If you’re looking for code to get started with our method, head to Getting Started With Some Code.

A Confound in the Data

We recently published new results indicating that there is a significant confound that must be controlled for when calculating similarity between neural networks: correlated, yet distinct features within individual data points. Examples of features like this are pretty straightforward and exist even at a conceptually high level: eyes and ears, wings and cockpits, tables and chairs. Really, any set of features that co-occur in inputs frequently and are correlated with the target class. To see why features like this are a problem let’s first look at the definition of the most widely used similarity metric, Linear Centered Kernel Alignment (Kornblith et al., 2019), or Linear CKA.

Linear Centered Kernel Alignment (CKA)

CKA computes a metric of similarity between two neural networks by comparing the neuron activations of each network on provided data points, usually taken from an iid test distribution. The process is simple: pass each data point through both networks and extract the activations at the layers you want to compare and stack these activations up into two matrices (one for each network). We consider the representation of an input point to be the activations recorded in a neural network at a specific layer of interest when the data point is fed through the network. We compute similarity by mean-centering the matrices along the columns, and computing the following function:

$$ \begin{equation} \text{CKA}(A, B) = \frac{ \lVert cov(A^T, B^T) \rVert_F^2 }{ \lVert cov(A^T, A^T) \rVert_F \lVert cov(B^T, B^T) \rVert_F } \end{equation} $$

This will provide you with a score in the range \([0, 1]\), with higher values indicating more similar networks. What we see in the equation above, effectively, is that CKA is computing a normalized measure of the covariance between neurons across networks. Likewise, all other existing metrics for network similarity use some form of (potentially nonlinear) feature correlation.
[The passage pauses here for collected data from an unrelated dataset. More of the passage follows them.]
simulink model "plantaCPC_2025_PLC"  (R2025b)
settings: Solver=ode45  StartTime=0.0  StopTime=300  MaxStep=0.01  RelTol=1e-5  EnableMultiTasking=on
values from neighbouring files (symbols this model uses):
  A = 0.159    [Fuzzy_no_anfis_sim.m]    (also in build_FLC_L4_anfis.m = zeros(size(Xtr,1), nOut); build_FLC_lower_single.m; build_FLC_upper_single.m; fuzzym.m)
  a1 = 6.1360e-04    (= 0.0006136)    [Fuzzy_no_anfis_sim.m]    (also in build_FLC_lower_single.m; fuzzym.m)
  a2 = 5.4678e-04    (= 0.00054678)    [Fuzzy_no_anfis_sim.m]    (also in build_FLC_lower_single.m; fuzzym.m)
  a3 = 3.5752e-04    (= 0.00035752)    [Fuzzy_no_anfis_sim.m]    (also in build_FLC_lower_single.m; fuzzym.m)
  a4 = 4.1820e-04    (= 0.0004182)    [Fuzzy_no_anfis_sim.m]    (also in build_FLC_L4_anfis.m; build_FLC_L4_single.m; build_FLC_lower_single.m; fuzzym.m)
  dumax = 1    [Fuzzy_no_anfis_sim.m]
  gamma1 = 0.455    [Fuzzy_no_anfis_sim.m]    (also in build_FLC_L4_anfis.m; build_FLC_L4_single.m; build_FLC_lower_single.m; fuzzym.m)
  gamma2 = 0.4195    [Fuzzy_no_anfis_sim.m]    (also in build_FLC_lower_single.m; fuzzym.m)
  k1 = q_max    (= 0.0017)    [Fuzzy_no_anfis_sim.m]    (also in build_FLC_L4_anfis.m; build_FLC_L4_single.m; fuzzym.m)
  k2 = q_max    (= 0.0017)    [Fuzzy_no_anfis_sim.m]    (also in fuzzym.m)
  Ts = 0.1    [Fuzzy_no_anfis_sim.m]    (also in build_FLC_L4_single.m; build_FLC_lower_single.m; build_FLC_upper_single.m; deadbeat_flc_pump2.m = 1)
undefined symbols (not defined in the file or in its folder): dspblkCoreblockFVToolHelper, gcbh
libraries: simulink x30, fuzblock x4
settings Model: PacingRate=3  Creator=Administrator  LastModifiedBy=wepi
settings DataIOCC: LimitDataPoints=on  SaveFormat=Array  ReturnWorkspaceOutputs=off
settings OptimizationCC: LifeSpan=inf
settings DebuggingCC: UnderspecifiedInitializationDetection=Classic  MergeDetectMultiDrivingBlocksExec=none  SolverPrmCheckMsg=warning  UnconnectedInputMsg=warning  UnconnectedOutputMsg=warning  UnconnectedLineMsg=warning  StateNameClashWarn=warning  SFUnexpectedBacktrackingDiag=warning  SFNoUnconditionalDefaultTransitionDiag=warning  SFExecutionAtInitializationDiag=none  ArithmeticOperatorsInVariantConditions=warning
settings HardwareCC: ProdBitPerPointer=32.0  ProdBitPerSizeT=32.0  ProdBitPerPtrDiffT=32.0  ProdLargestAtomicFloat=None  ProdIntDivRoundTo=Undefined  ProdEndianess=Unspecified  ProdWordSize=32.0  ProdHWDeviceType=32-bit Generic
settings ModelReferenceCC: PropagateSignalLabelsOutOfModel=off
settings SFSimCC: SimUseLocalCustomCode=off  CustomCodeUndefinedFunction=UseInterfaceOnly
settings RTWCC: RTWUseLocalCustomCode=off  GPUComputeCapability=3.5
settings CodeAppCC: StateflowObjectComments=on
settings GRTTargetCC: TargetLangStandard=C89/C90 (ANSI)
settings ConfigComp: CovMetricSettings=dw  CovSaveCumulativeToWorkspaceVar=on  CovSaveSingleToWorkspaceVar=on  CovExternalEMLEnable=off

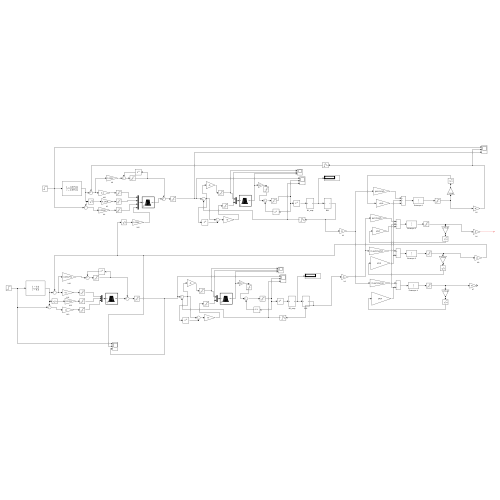
[thumbnail: Simulink's stored preview of the top-level diagram]
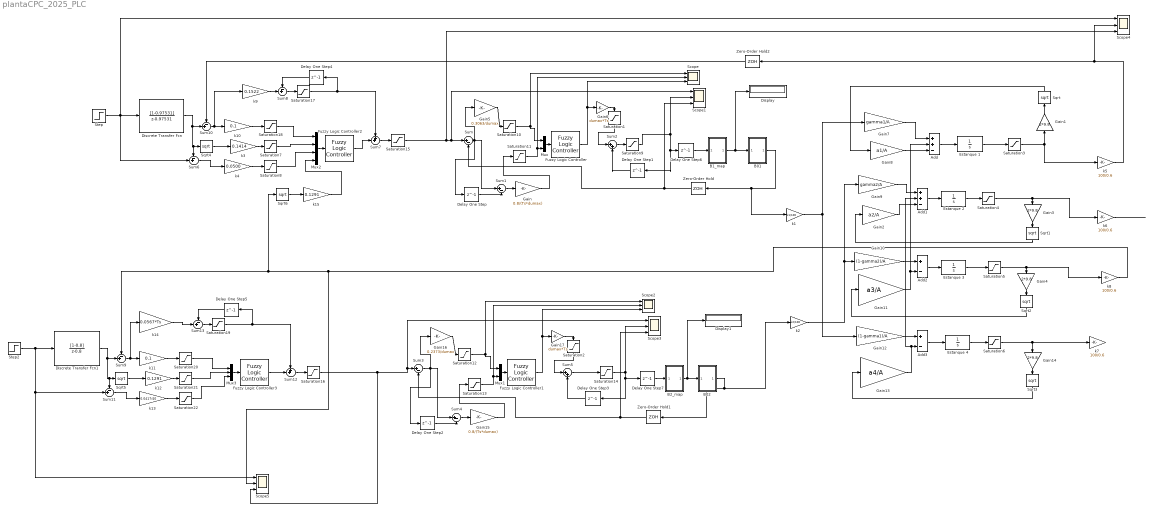
== system plantaCPC_2025_PLC ==
  Add : Sum  Inputs=++-
  Add1 : Sum  Inputs=++-
  Add2 : Sum  Inputs=+-
  Add3 : Sum  Inputs=+-
  B01 : Subsystem
  B02 : Subsystem
  B1_map : Subsystem
  B2_map : Subsystem
  Delay One Step{,2,6..7} (4 alike) : Delay  DelayLength=1  SampleTime=0.1
  Delay One Step1 : Delay  DelayLength=1  InitialCondition=0  SampleTime=0.1
  Delay One Step3 : Delay  DelayLength=1  InitialCondition=40  SampleTime=0.1
  Delay One Step4 : Delay  DelayLength=1  InitialCondition=0  SampleTime=0.1
  Delay One Step5 : Delay  DelayLength=1  InitialCondition=0  SampleTime=0.1
  Discrete Transfer Fcn : DiscreteTransferFcn  LoadFcn=dspblkCoreblockFVToolHelper(gcbh,'load');  Numerator=[1-0.97531]  Denominator=[1 -0.97531]
      settings: CopyFcn=dspblkCoreblockFVToolHelper(gcbh,'copy');  DeleteFcn=dspblkCoreblockFVToolHelper(gcbh,'close');  ModelCloseFcn=dspblkCoreblockFVToolHelper(gcbh,'close');  PreSaveFcn=dspblkCoreblockFVToolHelper(gcbh,'presave');  PostSaveFcn=dspblkCoreblockFVToolHelper(gcbh,'postsave');  CloseFcn=dspblkCoreblockFVToolHelper(gcbh,'close');
  Discrete Transfer Fcn1 : DiscreteTransferFcn  LoadFcn=dspblkCoreblockFVToolHelper(gcbh,'load');  Numerator=[1-0.8]  Denominator=[1 -0.8]
      settings: CopyFcn=dspblkCoreblockFVToolHelper(gcbh,'copy');  DeleteFcn=dspblkCoreblockFVToolHelper(gcbh,'close');  ModelCloseFcn=dspblkCoreblockFVToolHelper(gcbh,'close');  PreSaveFcn=dspblkCoreblockFVToolHelper(gcbh,'presave');  PostSaveFcn=dspblkCoreblockFVToolHelper(gcbh,'postsave');  CloseFcn=dspblkCoreblockFVToolHelper(gcbh,'close');
  Display : Display
  Display1 : Display
  Estanque 1 : TransferFcn  Denominator=[1 0]
  "Estanque 2 " : TransferFcn  Denominator=[1 0]
  Estanque 3 : TransferFcn  Denominator=[1 0]
  Estanque 4 : TransferFcn  Denominator=[1 0]
  Fuzzy Logic Controller : fuzblock/Fuzzy Logic  Controller  FIS=FLC_F1  OutputSampleNumber=101  DataType=double  UseLookupTable=off  NumBreakpoints=10  FuzzifiedInputs=off  RuleFiringStrengths=off  RuleOutputs=off  AggregatedOutputs=off  SimulateUsing=Interpreted execution  OutOfRangeInputValueMessage=warning  NoRuleFiredMessage=warning  EmptyOutputFuzzySetMessage=warning
  Fuzzy Logic Controller1 : fuzblock/Fuzzy Logic  Controller  FIS=FLC_F2  OutputSampleNumber=101  DataType=double  UseLookupTable=off  NumBreakpoints=10  FuzzifiedInputs=off  RuleFiringStrengths=off  RuleOutputs=off  AggregatedOutputs=off  SimulateUsing=Interpreted execution  OutOfRangeInputValueMessage=warning  NoRuleFiredMessage=warning  EmptyOutputFuzzySetMessage=warning
  Fuzzy Logic Controller2 : fuzblock/Fuzzy Logic  Controller  FIS=FLC_L1  OutputSampleNumber=101  DataType=double  UseLookupTable=off  NumBreakpoints=10  FuzzifiedInputs=off  RuleFiringStrengths=off  RuleOutputs=off  AggregatedOutputs=off  SimulateUsing=Interpreted execution  OutOfRangeInputValueMessage=warning  NoRuleFiredMessage=warning  EmptyOutputFuzzySetMessage=warning
  Fuzzy Logic Controller3 : fuzblock/Fuzzy Logic  Controller  FIS=FLC_L3  OutputSampleNumber=101  DataType=double  UseLookupTable=off  NumBreakpoints=10  FuzzifiedInputs=off  RuleFiringStrengths=off  RuleOutputs=off  AggregatedOutputs=off  SimulateUsing=Interpreted execution  OutOfRangeInputValueMessage=warning  NoRuleFiredMessage=warning  EmptyOutputFuzzySetMessage=warning
  Gain : Gain  Gain=0.8/(Ts*dumax)
  Gain{1,3..4,14} (4 alike) : Gain  Gain=2*9.8
  Gain10 : Gain  Gain=(1-gamma2)/A
  Gain11 : Gain  Gain=a3/A
  Gain12 : Gain  Gain=(1-gamma1)/A
  Gain13 : Gain  Gain=a4/A
  Gain15 : Gain  Gain=0.8/(Ts*dumax)
  Gain16 : Gain  Gain=0.2373/dumax
  Gain17 : Gain  Gain=dumax*Ts
  Gain2 : Gain  Gain=a2/A
  Gain5 : Gain  Gain=0.3063/dumax
  Gain6 : Gain  Gain=dumax*Ts
  Gain7 : Gain  Gain=gamma1/A
  Gain8 : Gain  Gain=a1/A
  Gain9 : Gain  Gain=gamma2/A
  Mux : Mux  Inputs=2
  Mux1 : Mux  Inputs=2
  Mux2 : Mux
  Mux3 : Mux  Inputs=3
  Saturation1 : Saturate  UpperLimit=dumax*Ts  LowerLimit=-dumax*Ts
  Saturation{8,10..13,18,20,22} (8 alike) : Saturate  UpperLimit=1  LowerLimit=-1
  Saturation{9,14..16} (4 alike) : Saturate  UpperLimit=100  LowerLimit=0
  Saturation17 : Saturate  UpperLimit=30  LowerLimit=-30
  Saturation19 : Saturate  UpperLimit=30  LowerLimit=-30
  Saturation2 : Saturate  UpperLimit=dumax*Ts  LowerLimit=-dumax*Ts
  Saturation21 : Saturate  UpperLimit=1  LowerLimit=0
  Saturation{3..6} (4 alike) : Saturate  UpperLimit=0.8  LowerLimit=0
  Saturation7 : Saturate  UpperLimit=1  LowerLimit=0
  Scope{,1..5} (6 alike) : Scope  NumInputPorts=3
      Scope settings: ActiveDisplayYMinimum=103.80137956396959  ActiveDisplayYMaximum=139.96234120398589
      Scope1 settings: ActiveDisplayYMinimum=-68.909700061778238  ActiveDisplayYMaximum=113.12239490018993
      Scope2 settings: ActiveDisplayYMinimum=103.80137956396959  ActiveDisplayYMaximum=139.96234120398589  DataLoggingVariableName=ScopeData2
      Scope3 settings: ActiveDisplayYMinimum=-52.0727443173749  ActiveDisplayYMaximum=103.1546988563742  DataLoggingVariableName=ScopeData3
      Scope4 settings: ActiveDisplayYMinimum=-77.521735134950461  ActiveDisplayYMaximum=137.02283230652165  DataLoggingVariableName=ScopeData4
      Scope5 settings: ActiveDisplayYMinimum=-10.950989781729737  ActiveDisplayYMaximum=98.55890803556764  DataLoggingVariableName=ScopeData5
  Sqrt{,1..6} (7 alike) : Sqrt
  Step : Step  Time=200  Before=10  After=20  SampleTime=0
  Step2 : Step  Time=90  Before=10  After=20  SampleTime=0
  Sum{,1,3..4} (4 alike) : Sum  Inputs=|+-
  Sum{6,8..11,13} (6 alike) : Sum  Inputs=-+|
  Sum12 : Sum  Inputs=++|
  Sum2 : Sum  Inputs=|++
  Sum5 : Sum  Inputs=|++
  Sum7 : Sum  Inputs=++|
  Zero-Order Hold : ZeroOrderHold  SampleTime=Ts
  Zero-Order Hold1 : ZeroOrderHold  SampleTime=Ts
  Zero-Order Hold2 : ZeroOrderHold  SampleTime=Ts
  k1 : Gain  Gain=k1/100
  k10 : Gain  Gain=0.1
  k11 : Gain  Gain=0.1
  k12 : Gain  Gain=0.1291
  k13 : Gain  Gain=0.0417/40
  k14 : Gain  Gain=0.0567*Ts
  k15 : Gain  Gain=0.1291
  k2 : Gain  Gain=k2/100
  k3 : Gain  Gain=0.1414
  k4 : Gain  Gain=0.0500
  k{5..8} (4 alike) : Gain  Gain=100/0.6
  k9 : Gain  Gain=0.1522
  wires:
  Saturation3/1 -> k5/1, Gain1/1
  Saturation4/1 -> k6/1, Gain3/1
  Saturation5/1 -> k8/1, Gain4/1
  Estanque 1/1 -> Saturation3/1
  "Estanque 2 "/1 -> Saturation4/1
  Estanque 4/1 -> Saturation6/1
  Fuzzy Logic Controller/1 -> Gain6/1, Scope/3
  Gain7/1 -> Add/1
  k1/1 -> Gain12/1, Gain7/1
  Gain8/1 -> Add/3
  Add/1 -> Estanque 1/1
  Add1/1 -> "Estanque 2 "/1
  Add2/1 -> Estanque 3/1
  Add3/1 -> Estanque 4/1
  Gain9/1 -> Add1/1
  k2/1 -> Gain9/1, Gain10/1
  Gain2/1 -> Add1/3
  Gain10/1 -> Add2/1
  Gain11/1 -> Add/2, Add2/2
  Gain12/1 -> Add3/1
  Gain13/1 -> Add1/2, Add3/2
  Estanque 3/1 -> Saturation5/1
  Gain1/1 -> Sqrt/1
  Sqrt/1 -> Gain8/1
  Gain3/1 -> Sqrt1/1
  Sqrt1/1 -> Gain2/1
  Gain4/1 -> Sqrt2/1
  Gain14/1 -> Sqrt3/1
  Saturation6/1 -> Gain14/1, k7/1
  Sqrt3/1 -> Gain13/1
  Sqrt2/1 -> Gain11/1
  Sum2/1 -> Saturation9/1
  k6/1 -> ?
  Sum/1 -> Delay One Step/1, Gain5/1, Sum1/1
  Mux/1 -> Fuzzy Logic Controller/1
  Delay One Step/1 -> Sum1/2
  Saturation11/1 -> Scope/2, Mux/2
  Saturation10/1 -> Scope/1, Mux/1
  Saturation9/1 -> Delay One Step1/1, Delay One Step6/1, Scope1/2
  B01/1(Out1) -> k1/1, Zero-Order Hold/1
  Gain6/1 -> Saturation1/1
  Saturation1/1 -> Sum2/1
  Delay One Step1/1 -> Sum2/2
  Gain5/1 -> Saturation10/1
  Sum1/1 -> Gain/1
  Gain/1 -> Saturation11/1
  B1_map/1(Out1) -> Display/1, B01/1(In1)
  Zero-Order Hold/1 -> Sum/2, Scope1/3
  Mux1/1 -> Fuzzy Logic Controller1/1
  Sum5/1 -> Saturation14/1
  Delay One Step3/1 -> Sum5/2
  Sum4/1 -> Gain15/1
  B2_map/1(Out1) -> Display1/1, B02/1(In1)
  Gain16/1 -> Saturation12/1
  B02/1(Out1) -> Zero-Order Hold1/1, k2/1
  Fuzzy Logic Controller1/1 -> Gain17/1, Scope2/3
  Zero-Order Hold1/1 -> Sum3/2, Scope3/3
  Sum3/1 -> Delay One Step2/1, Gain16/1, Sum4/1
  Saturation13/1 -> Scope2/2, Mux1/2
  Delay One Step2/1 -> Sum4/2
  Gain15/1 -> Saturation13/1
  Saturation16/1 -> Scope5/3, Scope3/1, Sum3/1
  Gain17/1 -> Saturation2/1
  Saturation2/1 -> Sum5/1
  Saturation12/1 -> Scope2/1, Mux1/1
  Saturation14/1 -> Delay One Step7/1, Delay One Step3/1, Scope3/2
  Mux2/1 -> Fuzzy Logic Controller2/1
  Fuzzy Logic Controller2/1 -> Sum7/2
  Saturation15/1 -> Scope4/3, Scope1/1, Sum/1
  Delay One Step6/1 -> B1_map/1(In1)
  Step/1 -> Sum6/2, Scope4/1, Discrete Transfer Fcn/1
  Discrete Transfer Fcn/1 -> Sum6/1, Sqrt4/1, Sum10/2
  Sum10/1 -> k9/1, k10/1
  k10/1 -> Saturation18/1
  Saturation18/1 -> Mux2/1
  Zero-Order Hold2/1 -> Sum10/1
  Sum7/1 -> Saturation15/1
  k3/1 -> Saturation7/1
  Saturation7/1 -> Mux2/2
  Sum6/1 -> k4/1
  k4/1 -> Saturation8/1
  Saturation8/1 -> Mux2/3
  k9/1 -> Sum8/2
  Sum8/1 -> Saturation17/1
  Saturation17/1 -> Delay One Step4/1, Sum7/1
  Delay One Step4/1 -> Sum8/1
  Sqrt4/1 -> k3/1
  Sum12/1 -> Saturation16/1
  k13/1 -> Saturation22/1
  Mux3/1 -> Fuzzy Logic Controller3/1
  k12/1 -> Saturation21/1
  Fuzzy Logic Controller3/1 -> Sum12/2
  Saturation21/1 -> Mux3/2
  Sum13/1 -> Saturation19/1
  Step2/1 -> Scope5/1, Sum11/2, Discrete Transfer Fcn1/1
  Saturation22/1 -> Mux3/3
  k14/1 -> Sum13/2
  k11/1 -> Saturation20/1
  Discrete Transfer Fcn1/1 -> Sum11/1, Sqrt5/1, Sum9/2
  Sum9/1 -> k14/1, k11/1
  Sqrt5/1 -> k12/1
  Saturation19/1 -> Delay One Step5/1, Sum12/1
  Saturation20/1 -> Mux3/1
  Delay One Step5/1 -> Sum13/1
  Sum11/1 -> k13/1
  k8/1 -> Scope5/2, Sqrt6/1, Sum9/1
  Delay One Step7/1 -> B2_map/1(In1)
  Sqrt6/1 -> k15/1
  k15/1 -> Mux2/4
  k5/1 -> Scope4/2, Zero-Order Hold2/1

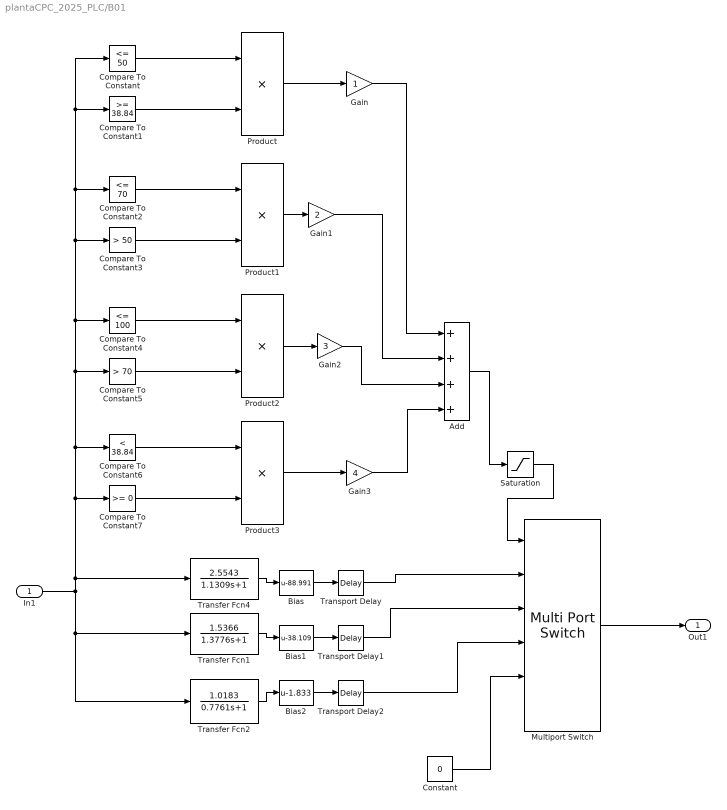
== system plantaCPC_2025_PLC/B01 ==
  In1 : Inport
  Add : Sum  Inputs=++++
  Bias : Bias  Bias=-88.991  SaturateOnIntegerOverflow=off
  Bias1 : Bias  Bias=-38.109  SaturateOnIntegerOverflow=off
  Bias2 : Bias  Bias=-1.833  SaturateOnIntegerOverflow=off
  Compare To Constant : simulink/Logic and Bit Operations/Compare To Constant  relop=<=  const=50  OutDataTypeStr=boolean
  Compare To Constant1 : simulink/Logic and Bit Operations/Compare To Constant  relop=>=  const=38.84  OutDataTypeStr=boolean
  Compare To Constant2 : simulink/Logic and Bit Operations/Compare To Constant  relop=<=  const=70  OutDataTypeStr=boolean
  Compare To Constant3 : simulink/Logic and Bit Operations/Compare To Constant  relop=>  const=50  OutDataTypeStr=boolean
  Compare To Constant4 : simulink/Logic and Bit Operations/Compare To Constant  relop=<=  const=100  OutDataTypeStr=boolean
  Compare To Constant5 : simulink/Logic and Bit Operations/Compare To Constant  relop=>  const=70  OutDataTypeStr=boolean
  Compare To Constant6 : simulink/Logic and Bit Operations/Compare To Constant  relop=<  const=38.84  OutDataTypeStr=boolean
  Compare To Constant7 : simulink/Logic and Bit Operations/Compare To Constant  relop=>=  const=0  OutDataTypeStr=boolean
  Constant : Constant  Value=0
  Gain : Gain
  Gain1 : Gain  Gain=2
  Gain2 : Gain  Gain=3
  Gain3 : Gain  Gain=4
  Multiport Switch : MultiPortSwitch  Inputs=5  SaturateOnIntegerOverflow=off  InputSameDT=off
  Product{,1..3} (4 alike) : Product
  Saturation : Saturate  UpperLimit=5  LowerLimit=1
  Transfer Fcn1 : TransferFcn  Numerator=[1.5366]  Denominator=[1.3776 1]
  Transfer Fcn2 : TransferFcn  Numerator=[1.0183]  Denominator=[0.7761 1]
  Transfer Fcn4 : TransferFcn  Numerator=[2.5543]  Denominator=[1.1309 1]
  Transport Delay : TransportDelay  DelayTime=0.6
  Transport Delay1 : TransportDelay  DelayTime=0.5
  Transport Delay2 : TransportDelay  DelayTime=0.5
  Out1 : Outport
  wires:
  Multiport Switch/1 -> Out1/1
  Product/1 -> Gain/1
  Gain/1 -> Add/1
  Product1/1 -> Gain1/1
  Gain1/1 -> Add/2
  Gain2/1 -> Add/3
  Product2/1 -> Gain2/1
  Add/1 -> Saturation/1
  Compare To Constant/1 -> Product/1
  Transfer Fcn4/1 -> Bias/1
  Transfer Fcn1/1 -> Bias1/1
  Transfer Fcn2/1 -> Bias2/1
  Compare To Constant1/1 -> Product/2
  Compare To Constant2/1 -> Product1/1
  Compare To Constant3/1 -> Product1/2
  Compare To Constant4/1 -> Product2/1
  Compare To Constant5/1 -> Product2/2
  Transport Delay1/1 -> Multiport Switch/3
  Transport Delay2/1 -> Multiport Switch/4
  Bias/1 -> Transport Delay/1
  Bias1/1 -> Transport Delay1/1
  Bias2/1 -> Transport Delay2/1
  Product3/1 -> Gain3/1
  Compare To Constant6/1 -> Product3/1
  Compare To Constant7/1 -> Product3/2
  In1/1 -> Compare To Constant7/1, Compare To Constant6/1, Compare To Constant4/1, Compare To Constant2/1, Compare To Constant1/1, Compare To Constant/1, Compare To Constant3/1, Compare To Constant5/1, Transfer Fcn4/1, Transfer Fcn2/1, Transfer Fcn1/1
  Gain3/1 -> Add/4
  Constant/1 -> Multiport Switch/5
  Transport Delay/1 -> Multiport Switch/2
  Saturation/1 -> Multiport Switch/1

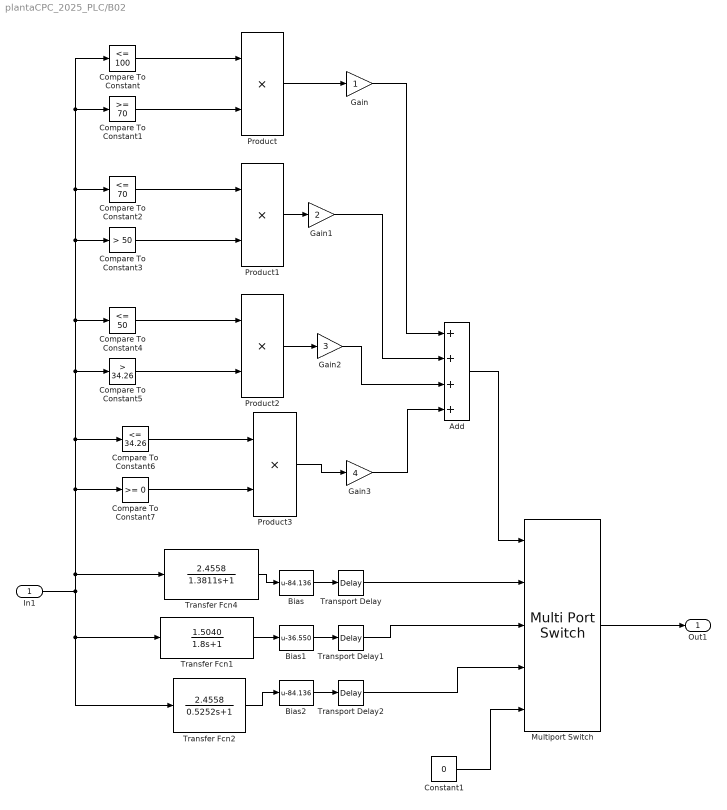
== system plantaCPC_2025_PLC/B02 ==
  In1 : Inport
  Add : Sum  Inputs=++++
  Bias : Bias  Bias=-84.136  SaturateOnIntegerOverflow=off
  Bias1 : Bias  Bias=-36.550  SaturateOnIntegerOverflow=off
  Bias2 : Bias  Bias=-84.136  SaturateOnIntegerOverflow=off
  Compare To Constant : simulink/Logic and Bit Operations/Compare To Constant  relop=<=  const=100  OutDataTypeStr=boolean
  Compare To Constant1 : simulink/Logic and Bit Operations/Compare To Constant  relop=>=  const=70  OutDataTypeStr=boolean
  Compare To Constant2 : simulink/Logic and Bit Operations/Compare To Constant  relop=<=  const=70  OutDataTypeStr=boolean
  Compare To Constant3 : simulink/Logic and Bit Operations/Compare To Constant  relop=>  const=50  OutDataTypeStr=boolean
  Compare To Constant4 : simulink/Logic and Bit Operations/Compare To Constant  relop=<=  const=50  OutDataTypeStr=boolean
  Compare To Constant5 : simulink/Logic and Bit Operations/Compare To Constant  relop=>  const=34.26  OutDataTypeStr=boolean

Linear CKA is easily translated into a few lines of PyTorch:

 1
 2
 3
 4
 5
 6
 7
 8
 9
10
11
12
13
14
import torch
from torch import Tensor

def CKA(A: Tensor, B: Tensor):
    # Mean center each neuron
    A = A - torch.mean(A, dim=0, keepdim=True)
    B = B - torch.mean(B, dim=0, keepdim=True)

    dot_product_similarity = torch.linalg.norm(torch.matmul(A.t(), B)) ** 2

    normalization_x = torch.linalg.norm(torch.matmul(A.t(), A))
    normalization_y = torch.linalg.norm(torch.matmul(B.t(), B))

    return dot_product_similarity / (normalization_x * normalization_y)

Idealized Neurons

With the idea of feature correlation in mind let’s picture two networks, each having an idealized neuron. The first network has a cat-ear detector neuron–it fires when there are cat ears present in the image and does not otherwise. The other network has a neuron that is quite similar, but this one is a cat-tail detector‚ which only fires when cat tails are found. These features are distinct both visually and conceptually, but their neurons will show high correlation: images containing cat tails are very likely to contain cat ears, and conversely when cat ears are not present there are likely to be no cat tails. CKA will find these networks to be quite similar, despite their reliance on entirely different features.

Overcoming the Confound

We need a way to isolate the features in an image used by a network while randomizing or discarding all others (i.e., preserve the cat-tail in an image of a cat, while randomizing / discarding every other feature, including the cat-ears).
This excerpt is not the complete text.